In definitiva, sebbene l’art. 105 del TUIR disponga che gli accantonamenti siano deducibili in conformità alle disposizioni legislative e contrattuali che regolano il rapporto di lavoro, non deve sfuggire come l’art. 2120 c.c. risulta norma che non può divenire regolatrice anche del rapporto di lavoro degli amministratori di società, rapporto lavorativo che gode di una sua regolamentazione e che rinviene la propria disciplina negli accordi contrattuali tra le parti, rimessi alla libera contrattazione. E ovviamente ciò non può significare, come invece il Fisco sostiene, che in quel rapporto lavorativo gli accantonamenti non siano liberamente determinabili proprio per accordo tra le parti, basati sulle “disposizioni contrattuali”, in conformità all’art. 105 del TUIR.

Alcune pronunce (C.T. Reg. Piemonte 19 febbraio 2020 n. 236/3/20 e C.T. Reg. Lombardia 3 dicembre 2018 n. 5280/18/18) erano già andate in direzione contraria alla pretesa accertatrice del Fisco, mentre altre recenti sentenze sono andate in opposta direzione (C.T. Reg. Piemonte 14 novembre 2019 n. 1221/2/19), avvalorando l’idea delle Entrate secondo cui l'accantonamento al trattamento di fine mandato, operato in misura superiore al compenso annualmente stabilito dall'amministratore diviso 13,5, sarebbe fiscalmente indeducibile.

Gli archeologi dell’accertamento tributario individuano le origini ispiratrici di questa invenzione accertatrice in un risalente commento dell’organo di informazione dell’Agenzia delle Entrate (Merone C. "Trattamento di fine mandato: importi accantonabili e deduzione", Fisco Oggi, 8.6.2009), i cui contenuti sono stati posti a fondamento di contestazioni fiscali accolte in alcune sentenze (oltre a quella già citata, C.T. Prov. Treviso 24.8.2018 n. 268/2/18 e la C.T. Reg.
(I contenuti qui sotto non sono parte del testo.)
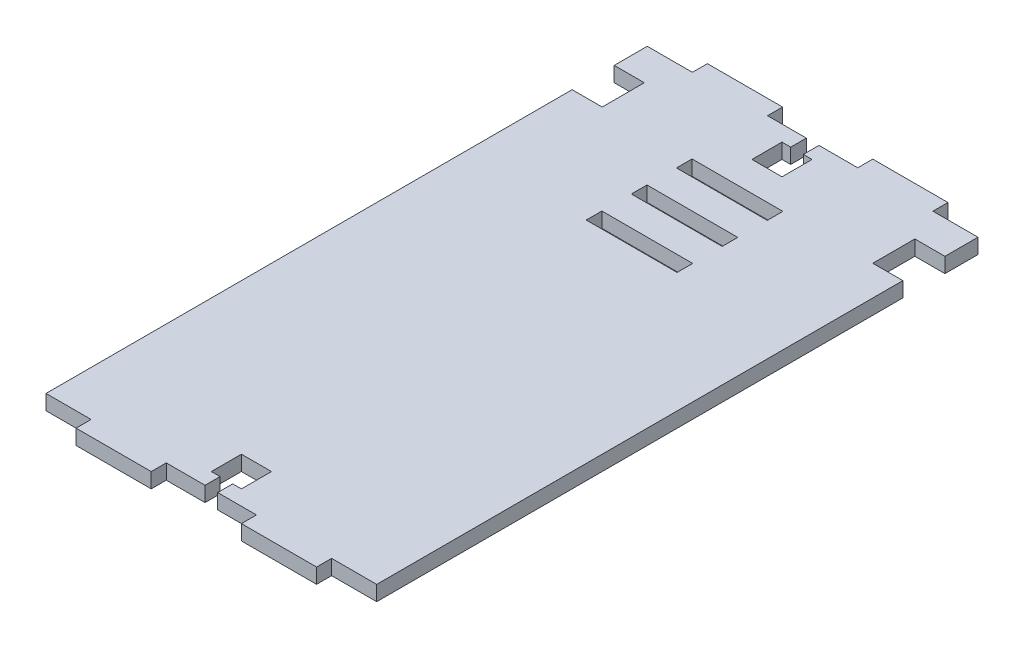
SolidWorks part; units mm, degrees
ref_plane "Front Plane" through (0, 0, 0) normal (0, 0, 1) x (1, 0, 0)
ref_plane "Top Plane" through (0, 0, 0) normal (0, 1, 0) x (1, 0, 0)
ref_plane "Right Plane" through (0, 0, 0) normal (1, 0, 0) x (0, 0, -1)
sketch "Sketch1" plane through (0, 0, 0) normal (0, 0, 1) x (1, 0, 0)
  line L1 (0, 0) -> (-110, 0)
  line L2 (0, 0) -> (0, 5)
  line L3 (0, 5) -> (-110, 5)
  line L4 (-110, 0) -> (-110, 5)
  dimension "D1" = 5
  dimension "D2" = 110
extrude "Boss-Extrude1" add sketch "Sketch1" along normal blind 200
sketch "Sketch2" plane through (0, 5, 0) normal (0, 1, 0) x (1, 0, 0)
  line L0 (0, 0) -> (-110, 0) construction
  line L1 (-95, 0) -> (-70, 0)
  line L2 (-95, 0) -> (-95, 5)
  line L3 (-95, 5) -> (-70, 5)
  line L4 (-70, 0) -> (-70, 5)
  line L5 (-110, -200) -> (-110, 0) construction
  line L6 (-55, 0) -> (-55, -17.2398) construction
  line L7 (-15, 5) -> (-40, 5)
  line L8 (-40, 0) -> (-40, 5)
  line L9 (-15, 0) -> (-40, 0)
  line L10 (-15, 0) -> (-15, 5)
  line L11 (-110, -100) -> (-89.2586, -100) construction
  line L12 (-15, -200) -> (-15, -205)
  line L13 (-15, -200) -> (-40, -200)
  line L14 (-40, -200) -> (-40, -205)
  line L15 (-15, -205) -> (-40, -205)
  line L16 (-95, -205) -> (-70, -205)
  line L17 (-70, -200) -> (-70, -205)
  line L18 (-95, -200) -> (-70, -200)
  line L19 (-95, -200) -> (-95, -205)
  dimension "D1" = 5
  dimension "D2" = 25
  dimension "D3" = 15
extrude "Boss-Extrude2" add sketch "Sketch2" against normal blind 5
sketch "Sketch4" plane through (0, 5, 0) normal (0, 1, 0) x (1, 0, 0)
  line L5 (-70.1, -25) -> (-70.1, -30.2)
  line L6 (-70.1, -25) -> (-39.9, -25)
  line L7 (-39.9, -25) -> (-39.9, -30.2)
  line L8 (-70.1, -30.2) -> (-39.9, -30.2)
  line L9 (-70.1, -40) -> (-70.1, -45.2)
  line L10 (-70.1, -40) -> (-39.9, -40)
  line L11 (-39.9, -40) -> (-39.9, -45.2)
  line L12 (-70.1, -45.2) -> (-39.9, -45.2)
  line L13 (-70.1, -55) -> (-70.1, -60.2)
  line L14 (-70.1, -55) -> (-39.9, -55)
  line L15 (-39.9, -55) -> (-39.9, -60.2)
  line L16 (-70.1, -60.2) -> (-39.9, -60.2)
  line L17 (-70.1, -70) -> (-70.1, -75.2) construction
  line L18 (-70.1, -70) -> (-39.9, -70) construction
  line L19 (-39.9, -70) -> (-39.9, -75.2) construction
  line L20 (-70.1, -75.2) -> (-39.9, -75.2) construction
  line L21 (-70.1, -85) -> (-70.1, -90.2) construction
  line L22 (-70.1, -85) -> (-39.9, -85) construction
  line L23 (-39.9, -85) -> (-39.9, -90.2) construction
  line L24 (-70.1, -90.2) -> (-39.9, -90.2) construction
  line L25 (-70.1, -100) -> (-70.1, -105.2) construction
  line L26 (-70.1, -100) -> (-39.9, -100) construction
  line L27 (-39.9, -100) -> (-39.9, -105.2) construction
  line L28 (-70.1, -105.2) -> (-39.9, -105.2) construction
  line L29 (-70.1, -115) -> (-70.1, -120.2) construction
  line L30 (-70.1, -115) -> (-39.9, -115) construction
  line L31 (-39.9, -115) -> (-39.9, -120.2) construction
  line L32 (-70.1, -120.2) -> (-39.9, -120.2) construction
  line L33 (-70.1, -130) -> (-70.1, -135.2) construction
  line L34 (-70.1, -135.2) -> (-39.9, -135.2) construction
  line L35 (-39.9, -130) -> (-39.9, -135.2) construction
  line L36 (-70.1, -130) -> (-39.9, -130) construction
  line L37 (-70.1, -145) -> (-70.1, -150.2) construction
  line L38 (-70.1, -150.2) -> (-39.9, -150.2) construction
  line L39 (-39.9, -145) -> (-39.9, -150.2) construction
  line L40 (-70.1, -145) -> (-39.9, -145) construction
  line L41 (-110, -200) -> (-110, 0) construction
  dimension "D1" = 39.9
  dimension "D2" = 70.1
  dimension "D3" = 25
  dimension "D4" = 30.2
  dimension "D6" = 40
  dimension "D7" = 55
  dimension "D8" = 70
  dimension "D9" = 85
  dimension "D10" = 100
  dimension "D11" = 115
  dimension "D18" = 130
  dimension "D5" = 3
extrude "Cut-Extrude1" cut sketch "Sketch4" against normal blind 5
sketch "Sketch5" plane through (0, 5, 0) normal (0, 1, 0) x (1, 0, 0)
  line L0 (-40, 0) -> (-70, 0) construction
  line L1 (-57.1, 0) -> (-52.9, 0)
  line L2 (-57.1, 0) -> (-57.1, -5.2)
  line L3 (-57.1, -5.2) -> (-52.9, -5.2)
  line L4 (-52.9, 0) -> (-52.9, -5.2)
  line L5 (-55, -200) -> (-55, -189.6173)
  line L6 (-50, -5.2) -> (-60, -5.2)
  line L7 (-50, -5.2) -> (-50, -15.2)
  line L8 (-50, -15.2) -> (-60, -15.2)
  line L9 (-60, -5.2) -> (-60, -15.2)
  line L10 (-40, -200) -> (-70, -200) construction
  line L12 (-57.1, -200) -> (-52.9, -200)
  line L13 (-57.1, -200) -> (-57.1, -195)
  line L14 (-57.1, -195) -> (-52.9, -195)
  line L15 (-52.9, -200) -> (-52.9, -195)
  line L16 (-60, -195) -> (-50, -195)
  line L17 (-60, -195) -> (-60, -185)
  line L18 (-60, -185) -> (-50, -185)
  line L19 (-50, -195) -> (-50, -185)
  point P10 (-55, 0)
  point P11 (-55, 0)
  point P12 (-55, -5.2)
  point P13 (-55, -5.2)
  dimension "D1" = 5.2
  dimension "D2" = 10
  dimension "D3" = 4.2
  dimension "D4" = 10
  dimension "D5" = 10
  dimension "D6" = 5
  dimension "D7" = 10
  dimension "D8" = 5
  dimension "D9" = 4.2
  dimension "D10" = 5
  dimension "D11" = 2.1
extrude "Cut-Extrude2" cut sketch "Sketch5" against normal blind 10
sketch "Sketch6" plane through (0, 5, 0) normal (0, 1, 0) x (1, 0, 0)
  line L0 (-110, -200) -> (-110, 0) construction
  line L1 (-110, -20) -> (-100, -20)
  line L2 (-110, -20) -> (-110, -25)
  line L3 (-110, -25) -> (-100, -25)
  line L4 (-100, -20) -> (-100, -25)
  line L5 (-95, 0) -> (-110, 0) construction
  line L7 (-55, -25) -> (-55, -18.1364) construction
  line L8 (-39.9, -25) -> (-70.1, -25) construction
  line L9 (-10, -20) -> (-10, -25)
  line L10 (0, -25) -> (-10, -25)
  line L11 (0, -20) -> (0, -25)
  line L12 (0, -20) -> (-10, -20)
  dimension "D1" = 20
  dimension "D2" = 5
  dimension "D3" = 10
extrude "Cut-Extrude3" cut sketch "Sketch6" against normal blind 5
sketch "Sketch7" plane through (0, 0, 0) normal (0, -1, 0) x (1, 0, 0)
  line L0 (-55, 13.4) -> (-55, 18.5809) construction
  line L1 (0, 20) -> (-10, 20)
  line L2 (0, 20) -> (0, 11)
  line L3 (0, 11) -> (-10, 11)
  line L4 (-10, 20) -> (-10, 11)
  line L6 (-100, 20) -> (-100, 11)
  line L7 (-110, 11) -> (-100, 11)
  line L8 (-110, 20) -> (-110, 11)
  line L9 (-110, 20) -> (-100, 20)
  dimension "D1" = 9
extrude "Cut-Extrude4" cut sketch "Sketch7" against normal blind 10

Napoli 1.12.2015 n. 10730).

Valorizzando, invece, il fatto che nessuno ha mai previsto un'apposita norma che indichi le modalità istitutive e i criteri di calcolo dei compensi agli amministratori (incluse quindi le somme accantonate a TFM), stante la mancanza di riferimenti legali contenenti i limiti massimi di spesa e che gli importi accantonati rimangono rimessi alla libera volontà delle parti, altri pronunciamenti hanno negato all'Amministrazione finanziaria ogni arbitrario potere di valutazione sulla loro congruità (tra queste, C.T. Reg. Roma 16.1.2012 n. 25/1/12, C.T. Reg. Venezia 3.2.2016 n. 196/1/1 e C.T. Prov. Lecco 11.7.2017 n. 164/2/17, C.T. Reg. Lombardia 11.9.2018 n. 3749/16/18).

In questa giostra giurisprudenziale e nel disordine giudicante di chi non si arrende alla realtà, un punto fermo lo ha recentemente segnato anche autorevole dottrina (Leo M. "Le imposte sui redditi nel Testo unico", Giuffré, Milano, 2018, p. 1923), che ha chiaramente ricordato che "per quanto attiene alla determinazione delle indennità da corrispondere alla cessazione del rapporto di collaborazione coordinata e continuativa si rileva che allo stato della vigente normativa non esistono parametri analoghi a quelli previsti per il rapporto di lavoro dipendente, e pertanto a tal fine vanno assunte le pattuizioni contenute nell'anzidetto atto scritto".

In conclusione, ai fini della deduzione delle quote di accantonamento al TFM non possono valere i limiti codicistici previsti per il TFR dall’art. 2120 c.c.